What to do:
Within the records below is a range that opens at the line with "#97=ORIENTED_EDGE('',*,*,#96,.F.);" and closes at the line with "#122=CARTESIAN_POINT('',(64.4356385093033,16.,26.));". Return that range word for word, both ends included, and only that range.

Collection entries

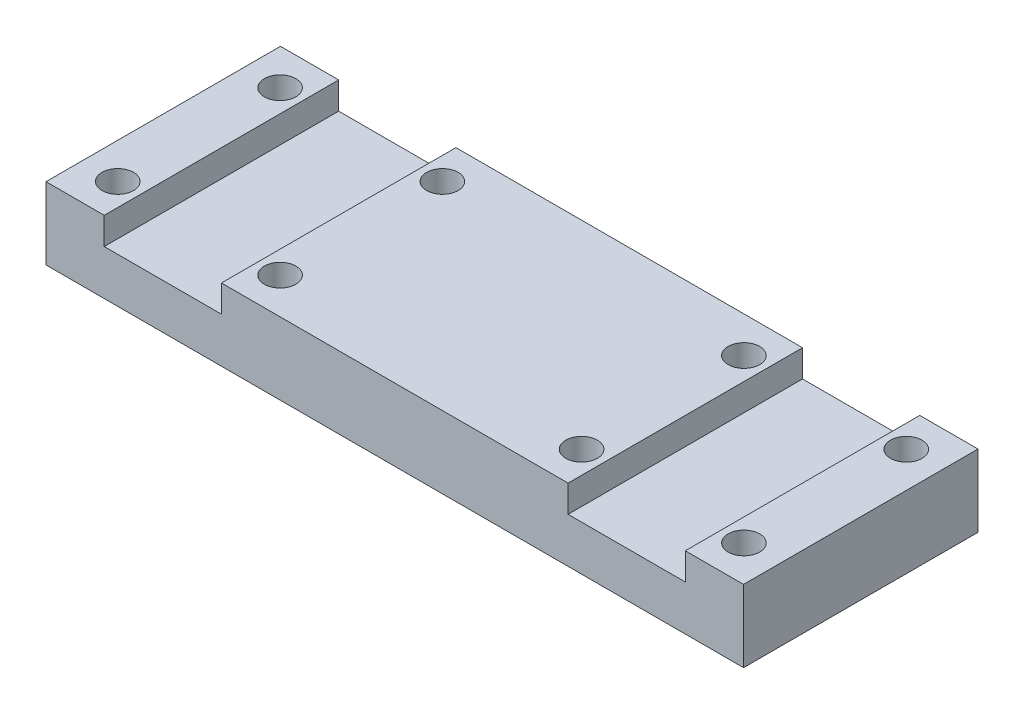
ISO-10303-21;
HEADER;
FILE_DESCRIPTION(('STEP AP214'),'2;1');
FILE_NAME('part.step','',(''),(''),'','','');
FILE_SCHEMA(('AUTOMOTIVE_DESIGN { 1 0 10303 214 1 1 1 1 }'));
ENDSEC;
DATA;
#1=APPLICATION_CONTEXT('core data for automotive mechanical design processes');
#2=APPLICATION_PROTOCOL_DEFINITION('international standard','automotive_design',2000,#1);
#3=PRODUCT_CONTEXT('',#1,'mechanical');
#4=PRODUCT('Part','Part','',(#3));
#5=PRODUCT_RELATED_PRODUCT_CATEGORY('part','',(#4));
#6=PRODUCT_DEFINITION_FORMATION('','',#4);
#7=PRODUCT_DEFINITION_CONTEXT('part definition',#1,'design');
#8=PRODUCT_DEFINITION('design','',#6,#7);
#9=PRODUCT_DEFINITION_SHAPE('','',#8);
#10=(LENGTH_UNIT() NAMED_UNIT(*) SI_UNIT(.MILLI.,.METRE.));
#11=(NAMED_UNIT(*) PLANE_ANGLE_UNIT() SI_UNIT($,.RADIAN.));
#12=(NAMED_UNIT(*) SI_UNIT($,.STERADIAN.) SOLID_ANGLE_UNIT());
#13=UNCERTAINTY_MEASURE_WITH_UNIT(LENGTH_MEASURE(1.E-05),#10,'distance_accuracy_value','');
#14=(GEOMETRIC_REPRESENTATION_CONTEXT(3) GLOBAL_UNCERTAINTY_ASSIGNED_CONTEXT((#13)) GLOBAL_UNIT_ASSIGNED_CONTEXT((#10,
#11,#12)) REPRESENTATION_CONTEXT('',''));
#15=CARTESIAN_POINT('',(0.,0.,0.));
#16=DIRECTION('',(0.,0.,1.));
#17=DIRECTION('',(1.,0.,0.));
#18=AXIS2_PLACEMENT_3D('',#15,#16,#17);
#19=CARTESIAN_POINT('',(-77.35,16.,-26.));
#20=DIRECTION('',(0.,0.,1.));
#21=DIRECTION('',(1.,0.,0.));
#22=AXIS2_PLACEMENT_3D('',#19,#20,#21);
#23=PLANE('',#22);
#24=DIRECTION('',(0.,-1.,0.));
#25=VECTOR('',#24,1.);
#26=CARTESIAN_POINT('',(64.4356385093033,16.,-26.));
#27=LINE('',#26,#25);
#28=CARTESIAN_POINT('',(64.4356385093033,16.,-26.));
#29=VERTEX_POINT('',#28);
#30=CARTESIAN_POINT('',(64.4356385093032,10.,-26.));
#31=VERTEX_POINT('',#30);
#32=EDGE_CURVE('E126',#29,#31,#27,.T.);
#33=ORIENTED_EDGE('',*,*,#32,.F.);
#34=DIRECTION('',(-1.,0.,0.));
#35=VECTOR('',#34,1.);
#36=CARTESIAN_POINT('',(-77.35,16.,-26.));
#37=LINE('',#36,#35);
#38=CARTESIAN_POINT('',(77.35,16.,-26.));
#39=VERTEX_POINT('',#38);
#40=EDGE_CURVE('E138',#39,#29,#37,.T.);
#41=ORIENTED_EDGE('',*,*,#40,.F.);
#42=DIRECTION('',(0.,-1.,0.));
#43=VECTOR('',#42,1.);
#44=CARTESIAN_POINT('',(77.35,16.,-26.));
#45=LINE('',#44,#43);
#46=CARTESIAN_POINT('',(77.35,0.,-26.));
#47=VERTEX_POINT('',#46);
#48=EDGE_CURVE('E11',#39,#47,#45,.T.);
#49=ORIENTED_EDGE('',*,*,#48,.T.);
#50=DIRECTION('',(-1.,0.,0.));
#51=VECTOR('',#50,1.);
#52=CARTESIAN_POINT('',(-77.35,0.,-26.));
#53=LINE('',#52,#51);
#54=CARTESIAN_POINT('',(-77.35,0.,-26.));
#55=VERTEX_POINT('',#54);
#56=EDGE_CURVE('E272',#47,#55,#53,.T.);
#57=ORIENTED_EDGE('',*,*,#56,.T.);
#58=DIRECTION('',(0.,-1.,0.));
#59=VECTOR('',#58,1.);
#60=CARTESIAN_POINT('',(-77.35,16.,-26.));
#61=LINE('',#60,#59);
#62=CARTESIAN_POINT('',(-77.35,16.,-26.));
#63=VERTEX_POINT('',#62);
#64=EDGE_CURVE('E40',#63,#55,#61,.T.);
#65=ORIENTED_EDGE('',*,*,#64,.F.);
#66=CARTESIAN_POINT('',(-64.4356385093033,16.,-26.));
#67=VERTEX_POINT('',#66);
#68=EDGE_CURVE('E149',#67,#63,#37,.T.);
#69=ORIENTED_EDGE('',*,*,#68,.F.);
#70=DIRECTION('',(0.,-1.,0.));
#71=VECTOR('',#70,1.);
#72=CARTESIAN_POINT('',(-64.4356385093033,16.,-26.));
#73=LINE('',#72,#71);
#74=CARTESIAN_POINT('',(-64.4356385093032,10.,-26.));
#75=VERTEX_POINT('',#74);
#76=EDGE_CURVE('E220',#67,#75,#73,.T.);
#77=ORIENTED_EDGE('',*,*,#76,.T.);
#78=DIRECTION('',(1.,0.,0.));
#79=VECTOR('',#78,1.);
#80=CARTESIAN_POINT('',(-64.4356385093032,10.,-26.));
#81=LINE('',#80,#79);
#82=CARTESIAN_POINT('',(-38.4356385093032,10.,-26.));
#83=VERTEX_POINT('',#82);
#84=EDGE_CURVE('E230',#75,#83,#81,.T.);
#85=ORIENTED_EDGE('',*,*,#84,.T.);
#86=DIRECTION('',(0.,1.,0.));
#87=VECTOR('',#86,1.);
#88=CARTESIAN_POINT('',(-38.4356385093032,16.,-26.));
#89=LINE('',#88,#87);
#90=CARTESIAN_POINT('',(-38.4356385093032,16.,-26.));
#91=VERTEX_POINT('',#90);
#92=EDGE_CURVE('E214',#83,#91,#89,.T.);
#93=ORIENTED_EDGE('',*,*,#92,.T.);
#94=CARTESIAN_POINT('',(38.4356385093032,16.,-26.));
#95=VERTEX_POINT('',#94);
#96=EDGE_CURVE('E147',#95,#91,#37,.T.);
#97=ORIENTED_EDGE('',*,*,#96,.F.);
#98=DIRECTION('',(0.,1.,0.));
#99=VECTOR('',#98,1.);
#100=CARTESIAN_POINT('',(38.4356385093032,16.,-26.));
#101=LINE('',#100,#99);
#102=CARTESIAN_POINT('',(38.4356385093032,10.,-26.));
#103=VERTEX_POINT('',#102);
#104=EDGE_CURVE('E47',#103,#95,#101,.T.);
#105=ORIENTED_EDGE('',*,*,#104,.F.);
#106=DIRECTION('',(-1.,0.,0.));
#107=VECTOR('',#106,1.);
#108=CARTESIAN_POINT('',(64.4356385093032,10.,-26.));
#109=LINE('',#108,#107);
#110=EDGE_CURVE('E134',#31,#103,#109,.T.);
#111=ORIENTED_EDGE('',*,*,#110,.F.);
#112=EDGE_LOOP('',(#33,#41,#49,#57,#65,#69,#77,#85,#93,#97,#105,#111));
#113=FACE_BOUND('',#112,.T.);
#114=ADVANCED_FACE('F32',(#113),#23,.F.);
#115=CARTESIAN_POINT('',(-77.35,16.,26.));
#116=DIRECTION('',(0.,0.,-1.));
#117=DIRECTION('',(-1.,0.,0.));
#118=AXIS2_PLACEMENT_3D('',#115,#116,#117);
#119=PLANE('',#118);
#120=DIRECTION('',(0.,-1.,0.));
#121=VECTOR('',#120,1.);
#122=CARTESIAN_POINT('',(64.4356385093033,16.,26.));
#123=LINE('',#122,#121);
#124=CARTESIAN_POINT('',(64.4356385093033,16.,26.));
#125=VERTEX_POINT('',#124);
#126=CARTESIAN_POINT('',(64.4356385093032,10.,26.));
#127=VERTEX_POINT('',#126);
#128=EDGE_CURVE('E129',#125,#127,#123,.T.);
#129=ORIENTED_EDGE('',*,*,#128,.T.);
#130=DIRECTION('',(-1.,0.,0.));
#131=VECTOR('',#130,1.);
#132=CARTESIAN_POINT('',(64.4356385093032,10.,26.));
#133=LINE('',#132,#131);
#134=CARTESIAN_POINT('',(38.4356385093032,10.,26.));
#135=VERTEX_POINT('',#134);
#136=EDGE_CURVE('E140',#127,#135,#133,.T.);
#137=ORIENTED_EDGE('',*,*,#136,.T.);
#138=DIRECTION('',(0.,1.,0.));
#139=VECTOR('',#138,1.);
#140=CARTESIAN_POINT('',(38.4356385093032,16.,26.));
#141=LINE('',#140,#139);
#142=CARTESIAN_POINT('',(38.4356385093032,16.,26.));
#143=VERTEX_POINT('',#142);
#144=EDGE_CURVE('E241',#135,#143,#141,.T.);
#145=ORIENTED_EDGE('',*,*,#144,.T.);
#146=DIRECTION('',(1.,0.,0.));
#147=VECTOR('',#146,1.);
#148=CARTESIAN_POINT('',(-77.35,16.,26.));
#149=LINE('',#148,#147);
#150=CARTESIAN_POINT('',(-38.4356385093032,16.,26.));
#151=VERTEX_POINT('',#150);
#152=EDGE_CURVE('E264',#151,#143,#149,.T.);
#153=ORIENTED_EDGE('',*,*,#152,.F.);
#154=DIRECTION('',(0.,1.,0.));
#155=VECTOR('',#154,1.);
#156=CARTESIAN_POINT('',(-38.4356385093032,16.,26.));
#157=LINE('',#156,#155);
#158=CARTESIAN_POINT('',(-38.4356385093032,10.,26.));
#159=VERTEX_POINT('',#158);
#160=EDGE_CURVE('E55',#159,#151,#157,.T.);
#161=ORIENTED_EDGE('',*,*,#160,.F.);
#162=DIRECTION('',(1.,0.,0.));
#163=VECTOR('',#162,1.);
#164=CARTESIAN_POINT('',(-64.4356385093032,10.,26.));
#165=LINE('',#164,#163);
#166=CARTESIAN_POINT('',(-64.4356385093032,10.,26.));
#167=VERTEX_POINT('',#166);
#168=EDGE_CURVE('E221',#167,#159,#165,.T.);
#169=ORIENTED_EDGE('',*,*,#168,.F.);
#170=DIRECTION('',(0.,-1.,0.));
#171=VECTOR('',#170,1.);
#172=CARTESIAN_POINT('',(-64.4356385093033,16.,26.));
#173=LINE('',#172,#171);
#174=CARTESIAN_POINT('',(-64.4356385093033,16.,26.));
#175=VERTEX_POINT('',#174);
#176=EDGE_CURVE('E224',#175,#167,#173,.T.);
#177=ORIENTED_EDGE('',*,*,#176,.F.);
#178=CARTESIAN_POINT('',(-77.35,16.,26.));
#179=VERTEX_POINT('',#178);
#180=EDGE_CURVE('E265',#179,#175,#149,.T.);
#181=ORIENTED_EDGE('',*,*,#180,.F.);
#182=DIRECTION('',(0.,-1.,0.));
#183=VECTOR('',#182,1.);
#184=CARTESIAN_POINT('',(-77.35,16.,26.));
#185=LINE('',#184,#183);
#186=CARTESIAN_POINT('',(-77.35,0.,26.));
#187=VERTEX_POINT('',#186);
#188=EDGE_CURVE('E277',#179,#187,#185,.T.);
#189=ORIENTED_EDGE('',*,*,#188,.T.);
#190=DIRECTION('',(1.,0.,0.));
#191=VECTOR('',#190,1.);
#192=CARTESIAN_POINT('',(-77.35,0.,26.));
#193=LINE('',#192,#191);
#194=CARTESIAN_POINT('',(77.35,0.,26.));
#195=VERTEX_POINT('',#194);
#196=EDGE_CURVE('E157',#187,#195,#193,.T.);
#197=ORIENTED_EDGE('',*,*,#196,.T.);
#198=DIRECTION('',(0.,-1.,0.));
#199=VECTOR('',#198,1.);
#200=CARTESIAN_POINT('',(77.35,16.,26.));
#201=LINE('',#200,#199);
#202=CARTESIAN_POINT('',(77.35,16.,26.));
#203=VERTEX_POINT('',#202);
#204=EDGE_CURVE('E268',#203,#195,#201,.T.);
#205=ORIENTED_EDGE('',*,*,#204,.F.);
#206=EDGE_CURVE('E150',#125,#203,#149,.T.);
#207=ORIENTED_EDGE('',*,*,#206,.F.);
#208=EDGE_LOOP('',(#129,#137,#145,#153,#161,#169,#177,#181,#189,#197,#205,#207));
#209=FACE_BOUND('',#208,.T.);
#210=ADVANCED_FACE('F263',(#209),#119,.F.);
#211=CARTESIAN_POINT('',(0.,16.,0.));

Response below:
#97=ORIENTED_EDGE('',*,*,#96,.F.);
#98=DIRECTION('',(0.,1.,0.));
#99=VECTOR('',#98,1.);
#100=CARTESIAN_POINT('',(38.4356385093032,16.,-26.));
#101=LINE('',#100,#99);
#102=CARTESIAN_POINT('',(38.4356385093032,10.,-26.));
#103=VERTEX_POINT('',#102);
#104=EDGE_CURVE('E47',#103,#95,#101,.T.);
#105=ORIENTED_EDGE('',*,*,#104,.F.);
#106=DIRECTION('',(-1.,0.,0.));
#107=VECTOR('',#106,1.);
#108=CARTESIAN_POINT('',(64.4356385093032,10.,-26.));
#109=LINE('',#108,#107);
#110=EDGE_CURVE('E134',#31,#103,#109,.T.);
#111=ORIENTED_EDGE('',*,*,#110,.F.);
#112=EDGE_LOOP('',(#33,#41,#49,#57,#65,#69,#77,#85,#93,#97,#105,#111));
#113=FACE_BOUND('',#112,.T.);
#114=ADVANCED_FACE('F32',(#113),#23,.F.);
#115=CARTESIAN_POINT('',(-77.35,16.,26.));
#116=DIRECTION('',(0.,0.,-1.));
#117=DIRECTION('',(-1.,0.,0.));
#118=AXIS2_PLACEMENT_3D('',#115,#116,#117);
#119=PLANE('',#118);
#120=DIRECTION('',(0.,-1.,0.));
#121=VECTOR('',#120,1.);
#122=CARTESIAN_POINT('',(64.4356385093033,16.,26.));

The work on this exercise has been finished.